TASK OBJECTIVE - Leaving all pictures aside, copy exactly the lines from the start of the listing below through the line that contains "[diagram v0a: schematic, before]", and only those lines.
::::::
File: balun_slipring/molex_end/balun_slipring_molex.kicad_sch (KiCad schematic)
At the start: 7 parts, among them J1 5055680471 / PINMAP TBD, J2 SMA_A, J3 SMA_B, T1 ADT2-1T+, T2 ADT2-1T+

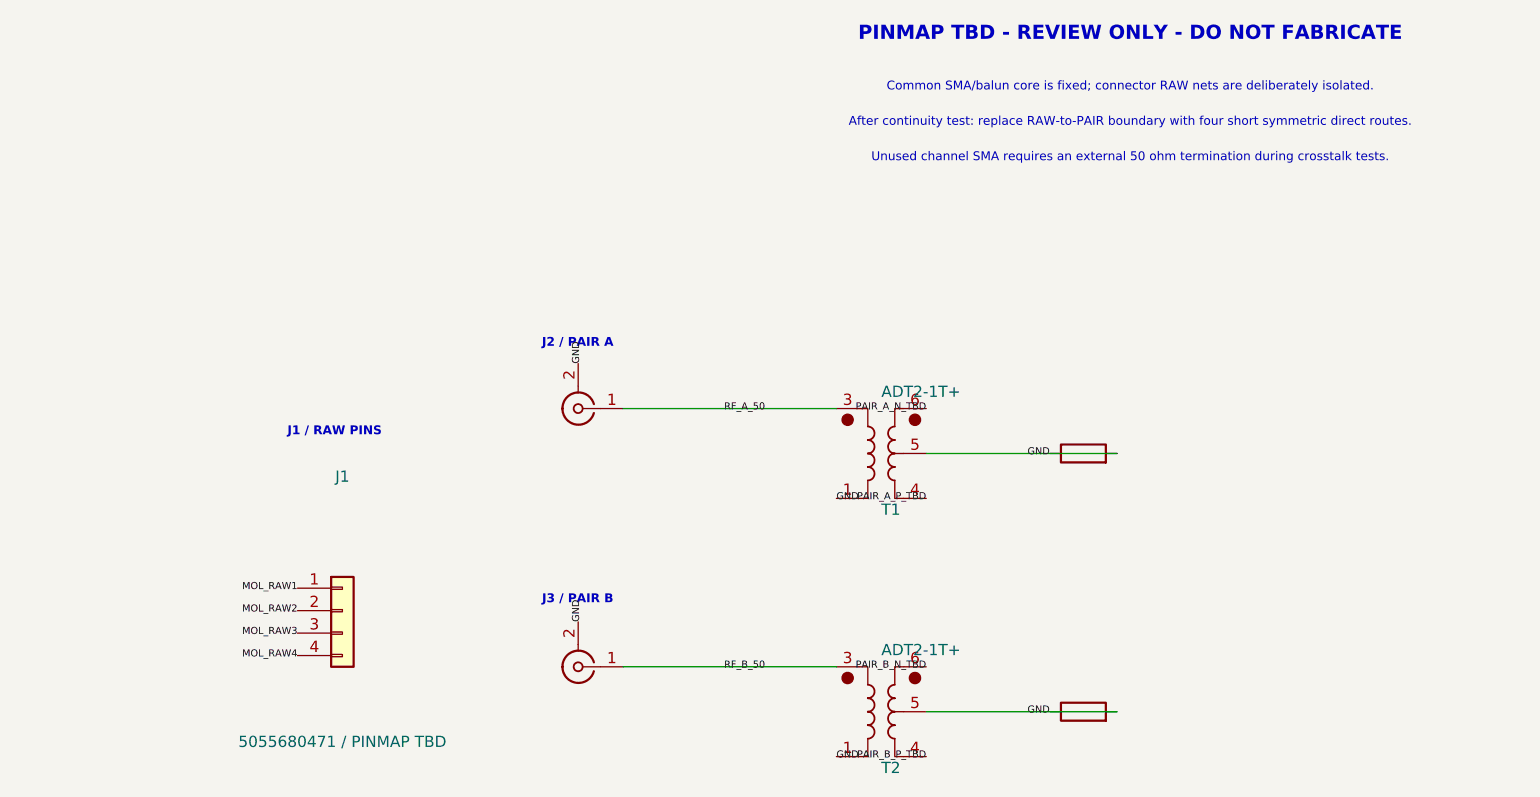
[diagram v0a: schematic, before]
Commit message: feat: finalize slip-ring fixtures and floating CT baseline
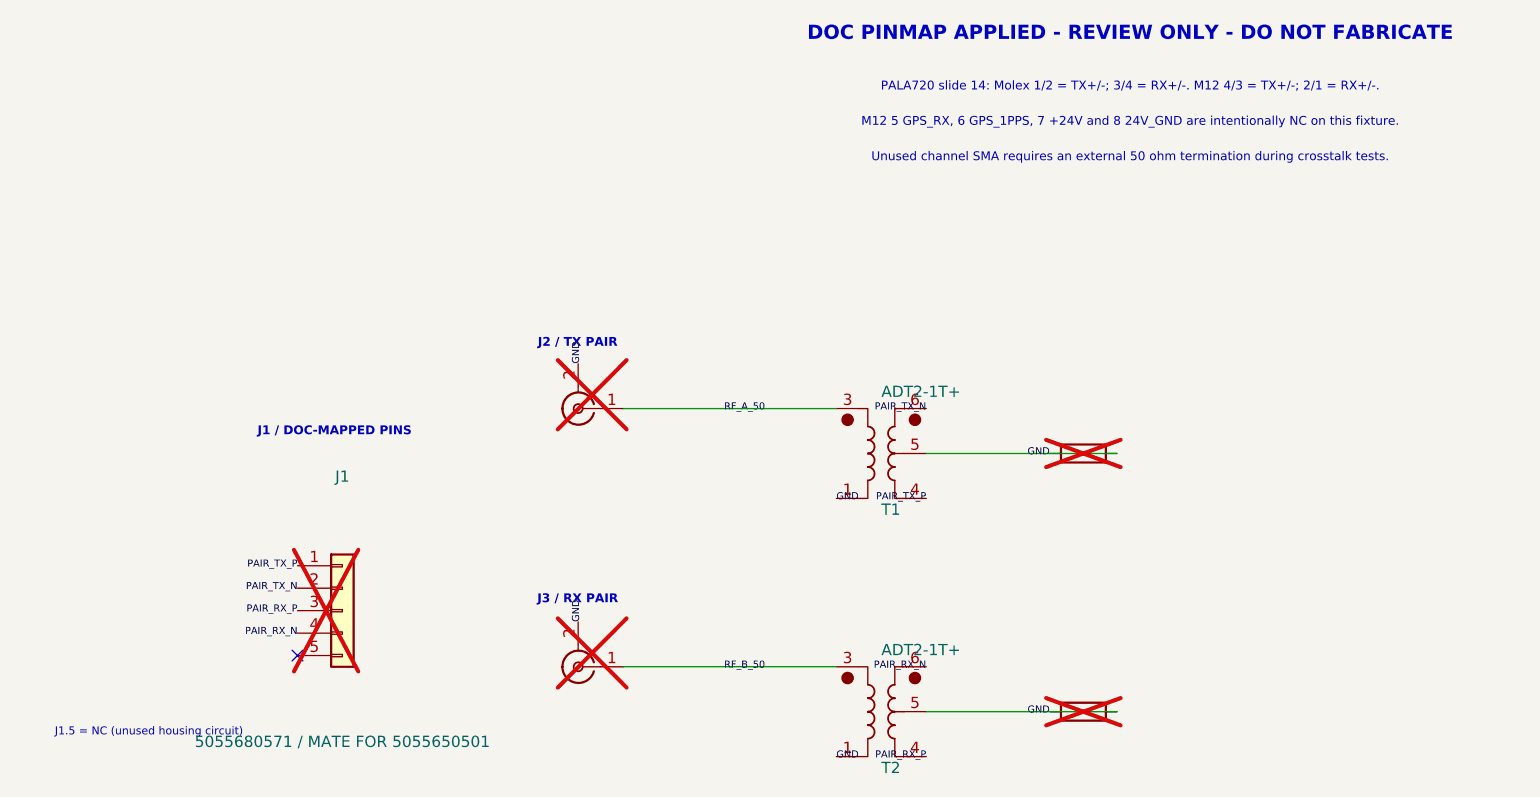
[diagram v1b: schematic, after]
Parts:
- J1: value 5055680471 / PINMAP TBD -> 5055680571 / MATE FOR 5055650501; footprint balun_slipring_common:Molex_5055680471 -> balun_slipring_common:Molex_5055680571; symbol Connector_Generic:Conn_01x04 -> Connector_Generic:Conn_01x05; Assembly FOOTPRINT PLACED; SIGNAL PINMAP TBD / DO NOT FABRICATE -> DNP UNTIL PHYSICAL MATING, KEY/PIN-1 ORIENTATION AND LAND P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; MPN 5055680471 -> 5055680571; now not fitted
- J2, J3: now not fitted
- RCT1, RCT2: Assembly FIT; remove for floating-CT comparison -> DNP; fit all four RCTs only for controlled CT-GND comparison; now not fitted
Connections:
- net PAIR_A_N_TBD is gone; now on net PAIR_TX_N: T1.6
- net PAIR_A_P_TBD is gone; now on net PAIR_TX_P: T1.4
- net PAIR_B_N_TBD is gone; now on net PAIR_RX_N: T2.6
- net PAIR_B_P_TBD is gone; now on net PAIR_RX_P: T2.4
- net MOL_RAW1 renamed PAIR_TX_P
- net MOL_RAW2 renamed PAIR_TX_N
- net MOL_RAW3 renamed PAIR_RX_P
- net MOL_RAW4 renamed PAIR_RX_N
- no-connect marks 0 -> 1
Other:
- note added: "DOC PINMAP APPLIED - REVIEW ONLY - DO NOT FABRICATE"
- note added: "J1 / DOC-MAPPED PINS"
- note added: "J1.5 = NC (unused housing circuit)"
- note added: "J2 / TX PAIR"
- note added: "J3 / RX PAIR"
- note added: "M12 5 GPS_RX, 6 GPS_1PPS, 7 +24V and 8 24V_GND are intentionally NC on this fixture."
- note added: "PALA720 slide 14: Molex 1/2 = TX+/-; 3/4 = RX+/-. M12 4/3 = TX+/-; 2/1 = RX+/-."
- note removed: "After continuity test: replace RAW-to-PAIR boundary with four short symmetric direct routes."
- note removed: "Common SMA/balun core is fixed; connector RAW nets are deliberately isolated."
- note removed: "J1 / RAW PINS"
- note removed: "J2 / PAIR A"
- note removed: "J3 / PAIR B"
- note removed: "PINMAP TBD - REVIEW ONLY - DO NOT FABRICATE"
- title: 100BASE-TX slip-ring VNA fixture - MOLEX END - PINMAP TBD -> 100BASE-TX slip-ring VNA fixture - MOLEX END - DOC PINMAP
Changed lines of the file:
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@@
 	(paper "A4")
 	(title_block
-		(title "100BASE-TX slip-ring VNA fixture - MOLEX END - PINMAP TBD")
+		(title "100BASE-TX slip-ring VNA fixture - MOLEX END - DOC PINMAP")
 		(date "2026-08-13")
-		(rev "DRAFT 0")
+		(rev "DRAFT 1")
 		(comment 1 "Two-channel 50 ohm single-ended to 100 ohm differential fixture core.")
-		(comment 2 "Connector RAW pins intentionally not mapped to balun pairs.")
-		(comment 3 "REVIEW ONLY - DO NOT FABRICATE UNTIL PINMAP AND CONNECTOR MECHANICS ARE VERIFIED.")
-	)
-	(text "PINMAP TBD - REVIEW ONLY - DO NOT FABRICATE"
+		(comment 2 "Electrical map from PALA720 slide 14; TX and RX fan-outs are connected.")
+		(comment 3 "REVIEW ONLY - DO NOT FABRICATE UNTIL CONTINUITY, CONNECTOR MECHANICS AND SMA STACK ARE VERIFIED.")
+	)
+	(text "DOC PINMAP APPLIED - REVIEW ONLY - DO NOT FABRICATE"
 		(exclude_from_sim no)
 		(at 145 25 0)
@@
 		)
 	)
-	(text "Common SMA/balun core is fixed; connector RAW nets are deliberately isolated."
+	(text "PALA720 slide 14: Molex 1/2 = TX+/-; 3/4 = RX+/-. M12 4/3 = TX+/-; 2/1 = RX+/-."
 		(exclude_from_sim no)
 		(at 145 31 0)
@@
 		)
 	)
-	(text "After continuity test: replace RAW-to-PAIR boundary with four short symmetric direct routes."
+	(text "M12 5 GPS_RX, 6 GPS_1PPS, 7 +24V and 8 24V_GND are intentionally NC on this fixture."
 		(exclude_from_sim no)
 		(at 145 35 0)
@@
 		)
 	)
-	(text "J2 / PAIR A"
+	(text "J2 / TX PAIR"
 		(exclude_from_sim no)
 		(at 82.5 60 0)
@@
 		)
 	)
-	(text "J3 / PAIR B"
+	(text "J3 / RX PAIR"
 		(exclude_from_sim no)
 		(at 82.5 89 0)
@@
 		)
 	)
-	(text "J1 / RAW PINS"
+	(text "J1 / DOC-MAPPED PINS"
 		(exclude_from_sim no)
 		(at 55 70 0)
@@
 		)
 	)
-	(label "PAIR_A_N_TBD"
+	(label "PAIR_TX_N"
 		(at 121.92 67.31 180)
 		(effects
@@
 		)
 	)
-	(label "PAIR_A_P_TBD"
+	(label "PAIR_TX_P"
 		(at 121.92 77.47 180)
 		(effects
@@
 		)
 	)
-	(label "PAIR_B_N_TBD"
+	(label "PAIR_RX_N"
 		(at 121.92 96.52 180)
 		(effects
@@
 		)
 	)
-	(label "PAIR_B_P_TBD"
+	(label "PAIR_RX_P"
 		(at 121.92 106.68 180)
 		(effects
@@
 		)
 	)
-	(label "MOL_RAW1"
+	(label "PAIR_TX_P"
+		(at 50.8 85.09 180)
+		(effects
+			(font
+				(size 0.8 0.8)
+			)
+		)
+	)
+	(label "PAIR_TX_N"
 		(at 50.8 87.63 180)
 		(effects
@@
 		)
 	)
-	(label "MOL_RAW2"
+	(label "PAIR_RX_P"
 		(at 50.8 90.17 180)
 		(effects
@@
 		)
 	)
-	(label "MOL_RAW3"
+	(label "PAIR_RX_N"
 		(at 50.8 92.71 180)
 		(effects
@@
 		)
 	)
-	(label "MOL_RAW4"
-		(at 50.8 95.25 180)
-		(effects
-			(font
-				(size 0.8 0.8)
+	(no_connect
+		(at 50.8 95.25)
+	)
+	(text "J1.5 = NC (unused housing circuit)"
+		(exclude_from_sim no)
+		(at 34 104 0)
+		(effects
+			(font
+				(size 0.9 0.9)
 			)
 		)
@@
 			(in_bom yes)
 			(on_board yes)
-			(in_pos_files yes)
-			(dnp no)
+			(in_pos_files no)
+			(dnp yes)
 			(property "Reference" "J2"
 				(at 82.55 67.31 0)
@@
 			(in_bom yes)
 			(on_board yes)
-			(in_pos_files yes)
-			(dnp no)
+			(in_pos_files no)
+			(dnp yes)
 			(property "Reference" "J3"
 				(at 82.55 96.52 0)
@@
 			(in_bom yes)
 			(on_board yes)
-			(in_pos_files yes)
-			(dnp no)
+			(in_pos_files no)
+			(dnp yes)
 			(property "Reference" "RCT1"
 				(at 139.7 72.39 0)
@@
 				)
 			)
-			(property "Assembly" "FIT; remove for floating-CT comparison"
+			(property "Assembly" "DNP; fit all four RCTs only for controlled CT-GND comparison"
 				(at 142.24 77.4699 0)
 				(hide yes)
@@
 			(in_bom yes)
 			(on_board yes)
-			(in_pos_files yes)
-			(dnp no)
+			(in_pos_files no)
+			(dnp yes)
 			(property "Reference" "RCT2"
 				(at 139.7 101.6 0)
@@
 				)
 			)
-			(property "Assembly" "FIT; remove for floating-CT comparison"
+			(property "Assembly" "DNP; fit all four RCTs only for controlled CT-GND comparison"
 				(at 142.24 106.6799 0)
 				(hide yes)
@@
 		)
 	(symbol
-		(lib_id "Connector_Generic:Conn_01x04")
+		(lib_id "Connector_Generic:Conn_01x05")
 		(at 55.88 90.17 0)
 		(unit 1)
@@
 		(in_bom yes)
 		(on_board yes)
-		(in_pos_files yes)
-		(dnp no)
+		(in_pos_files no)
+		(dnp yes)
 		(property "Reference" "J1"
 			(at 55.88 75 0)
@@
 			)
 		)
-		(property "Value" "5055680471 / PINMAP TBD"
+		(property "Value" "5055680571 / MATE FOR 5055650501"
 			(at 55.88 105 0)
 			(show_name no)
@@
 			)
 		)
-		(property "Footprint" "balun_slipring_common:Molex_5055680471"
+		(property "Footprint" "balun_slipring_common:Molex_5055680571"
 			(at 55.88 90.17 0)
 			(hide yes)
@@
 			)
 		)
-		(property "Datasheet" "https://www.molex.com/content/dam/molex/molex-dot-com/products/automated/en-us/2ddrawingdxfadobe2d/505/505568/5055680471.pdf?inline="
+		(property "Datasheet" "https://www.molex.com/en-us/products/part-detail/5055680571"
 			(at 55.88 90.17 0)
 			(hide yes)
@@
 			)
 		)
-		(property "Description" "Connector-side raw pins; intentionally isolated from balun pairs until continuity mapping is verified"
+		(property "Description" "Document-mapped five-circuit PCB-side candidate for the 5055650501 cable housing; circuit 5 is intentionally NC"
 			(at 55.88 90.17 0)
 			(hide yes)
@@
 			)
 		)
-		(property "MPN" "5055680471"
+		(property "MPN" "5055680571"
 			(at 55.88 90.17 0)
 			(hide yes)
@@
 			)
 		)
-		(property "Assembly" "FOOTPRINT PLACED; SIGNAL PINMAP TBD / DO NOT FABRICATE"
+		(property "Assembly" "DNP UNTIL PHYSICAL MATING, KEY/PIN-1 ORIENTATION AND LAND PATTERN ARE VERIFIED AGAINST REV-504"
 			(at 55.88 90.17 0)
 			(hide yes)
@@
 		(pin "4"
 		)
+		(pin "5"
+		)
 		(instances

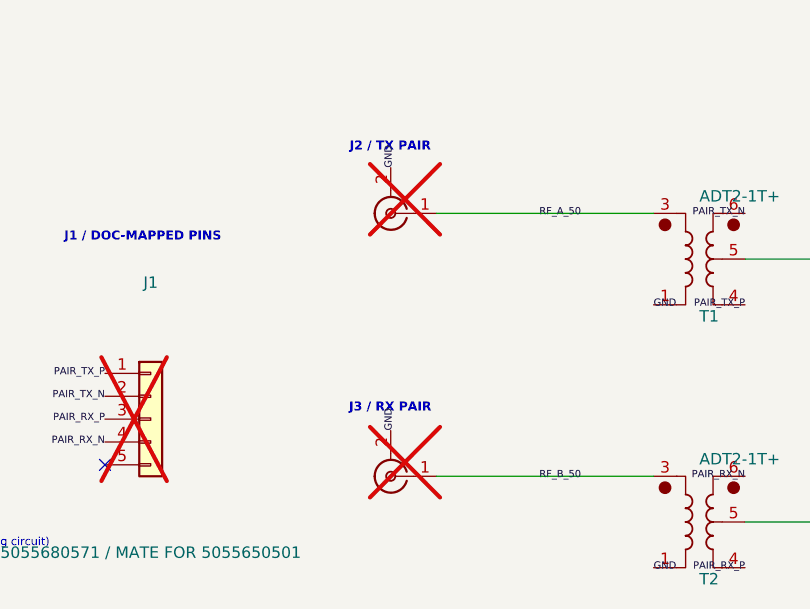
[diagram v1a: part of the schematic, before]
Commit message: feat: finalize JLC parts and measurement BOM
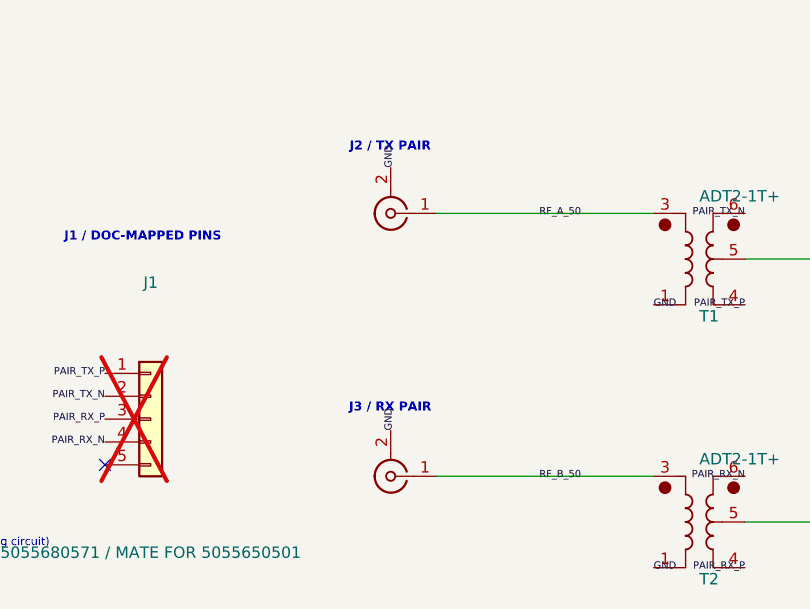
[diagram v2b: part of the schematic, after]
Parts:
- J1: LCSC Part # (none) -> C585386
- J2, J3: footprint Connector_Coaxial:SMA_Amphenol_132289_EdgeMount -> balun_slipring_common:SMA_MyAntenna_A-SMA-KE-16.5A_EdgeMount; Assembly DNP UNTIL STACK/CONNECTOR DECISION -> FIT; JLC C22467617; Standard PCBA / wave-solder review; LCSC Part # (none) -> C22467617; MPN 132289 -> A-SMA-KE-16.5A; Manufacturer Amphenol RF -> MyAntenna; now fitted
- RCT1, RCT2: LCSC Part # (none) -> C17477
- T1, T2: LCSC Part # (none) -> C5223988
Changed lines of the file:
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@@
 		(comment 1 "Two-channel 50 ohm single-ended to 100 ohm differential fixture core.")
 		(comment 2 "Electrical map from PALA720 slide 14; TX and RX fan-outs are connected.")
-		(comment 3 "REVIEW ONLY - DO NOT FABRICATE UNTIL CONTINUITY, CONNECTOR MECHANICS AND SMA STACK ARE VERIFIED.")
+		(comment 3 "REVIEW ONLY - DO NOT FABRICATE UNTIL CONTINUITY AND ENDPOINT CONNECTOR MECHANICS ARE VERIFIED.")
 	)
 	(text "DOC PINMAP APPLIED - REVIEW ONLY - DO NOT FABRICATE"
@@
 			(in_bom yes)
 			(on_board yes)
-			(in_pos_files no)
-			(dnp yes)
+			(in_pos_files yes)
+			(dnp no)
 			(property "Reference" "J2"
 				(at 82.55 67.31 0)
@@
 				)
 			)
-			(property "Footprint" "Connector_Coaxial:SMA_Amphenol_132289_EdgeMount"
+			(property "Footprint" "balun_slipring_common:SMA_MyAntenna_A-SMA-KE-16.5A_EdgeMount"
 				(at 82.55 67.31 0)
 				(hide yes)
@@
 				)
 			)
-			(property "Datasheet" "https://www.amphenolrf.com/132289.html"
+			(property "Datasheet" "https://datasheet.lcsc.com/datasheet/pdf/92633ab2cf30de4413e1a152c04a3ed5.pdf?productCode=C22467617"
 				(at 82.55 67.31 0)
 				(hide yes)
@@
 				)
 			)
-			(property "Manufacturer" "Amphenol RF"
+			(property "Manufacturer" "MyAntenna"
 				(at 85.09 72.3899 0)
 				(hide yes)
@@
 				)
 			)
-			(property "MPN" "132289"
+			(property "MPN" "A-SMA-KE-16.5A"
 				(at 85.09 72.3899 0)
 				(hide yes)
@@
 				)
 			)
-			(property "Assembly" "DNP UNTIL STACK/CONNECTOR DECISION"
+			(property "Assembly" "FIT; JLC C22467617; Standard PCBA / wave-solder review"
 				(at 85.09 72.3899 0)
 				(hide yes)
@@
 					)
 				)
+			)
+			(property "LCSC Part #" "C22467617"
+				(at 0 0 0)
+				(hide yes)
+				(show_name no)
+				(do_not_autoplace no)
+				(effects (font (size 1.27 1.27)))
 			)
 			(pin "1"
@@
 			(in_bom yes)
 			(on_board yes)
-			(in_pos_files no)
-			(dnp yes)
+			(in_pos_files yes)
+			(dnp no)
 			(property "Reference" "J3"
 				(at 82.55 96.52 0)
@@
 				)
 			)
-			(property "Footprint" "Connector_Coaxial:SMA_Amphenol_132289_EdgeMount"
+			(property "Footprint" "balun_slipring_common:SMA_MyAntenna_A-SMA-KE-16.5A_EdgeMount"
 				(at 82.55 96.52 0)
 				(hide yes)
@@
 				)
 			)
-			(property "Datasheet" "https://www.amphenolrf.com/132289.html"
+			(property "Datasheet" "https://datasheet.lcsc.com/datasheet/pdf/92633ab2cf30de4413e1a152c04a3ed5.pdf?productCode=C22467617"
 				(at 82.55 96.52 0)
 				(hide yes)
@@
 				)
 			)
-			(property "Manufacturer" "Amphenol RF"
+			(property "Manufacturer" "MyAntenna"
 				(at 85.09 101.5999 0)
 				(hide yes)
@@
 				)
 			)
-			(property "MPN" "132289"
+			(property "MPN" "A-SMA-KE-16.5A"
 				(at 85.09 101.5999 0)
 				(hide yes)
@@
 				)
 			)
-			(property "Assembly" "DNP UNTIL STACK/CONNECTOR DECISION"
+			(property "Assembly" "FIT; JLC C22467617; Standard PCBA / wave-solder review"
 				(at 85.09 101.5999 0)
 				(hide yes)
@@
 					)
 				)
+			)
+			(property "LCSC Part #" "C22467617"
+				(at 0 0 0)
+				(hide yes)
+				(show_name no)
+				(do_not_autoplace no)
+				(effects (font (size 1.27 1.27)))
 			)
 			(pin "1"
@@
 				)
 			)
+			(property "LCSC Part #" "C5223988"
+				(at 119.38 77.4699 0)
+				(hide yes)
+				(show_name no)
+				(do_not_autoplace no)
+				(effects
+					(font
+						(size 1.27 1.27)
+					)
+				)
+			)
 			(pin "1"
 			)
@@
 				)
 			)
+			(property "LCSC Part #" "C5223988"
+				(at 119.38 106.6799 0)
+				(hide yes)
+				(show_name no)
+				(do_not_autoplace no)
+				(effects
+					(font
+						(size 1.27 1.27)
+					)
+				)
+			)
 			(pin "1"
 			)
@@
 				)
 			)
+			(property "LCSC Part #" "C17477"
+				(at 142.24 77.4699 0)
+				(hide yes)
+				(show_name no)
+				(do_not_autoplace no)
+				(effects
+					(font
+						(size 1.27 1.27)
+					)
+				)
+			)
 			(pin "1"
 			)
@@
 			)
 			(property "Assembly" "DNP; fit all four RCTs only for controlled CT-GND comparison"
+				(at 142.24 106.6799 0)
+				(hide yes)
+				(show_name no)
+				(do_not_autoplace no)
+				(effects
+					(font
+						(size 1.27 1.27)
+					)
+				)
+			)
+			(property "LCSC Part #" "C17477"
 				(at 142.24 106.6799 0)
 				(hide yes)
@@
 			(at 55.88 90.17 0)
 			(hide yes)
+			(show_name no)
+			(do_not_autoplace no)
+			(effects
+				(font
+					(size 1.27 1.27)
+				)
+			)
+		)
+		(property "LCSC Part #" "C585386"
+			(at 55.88 90.17 0)
+			(hide yes)

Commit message: feat: add complete VNA fixture design set
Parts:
- J1: value 5055680571 / MATE FOR 5055650501 -> 5055680571 / 505565 SERIES MATE CAND
- RCT1, RCT2: MPN 0 ohm 0805 -> 0805W8F0000T5E; Manufacturer ANY -> UNI-ROYAL
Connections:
- net GND: no longer RCT1.2, RCT2.2, T1.5, T2.5
- new net: RCT1.2, T1.5
- new net: RCT2.2, T2.5
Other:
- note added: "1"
::::::
YOUR SOLUTION -
File: balun_slipring/molex_end/balun_slipring_molex.kicad_sch (KiCad schematic)
At the start: 7 parts, among them J1 5055680471 / PINMAP TBD, J2 SMA_A, J3 SMA_B, T1 ADT2-1T+, T2 ADT2-1T+

[diagram v0a: schematic, before]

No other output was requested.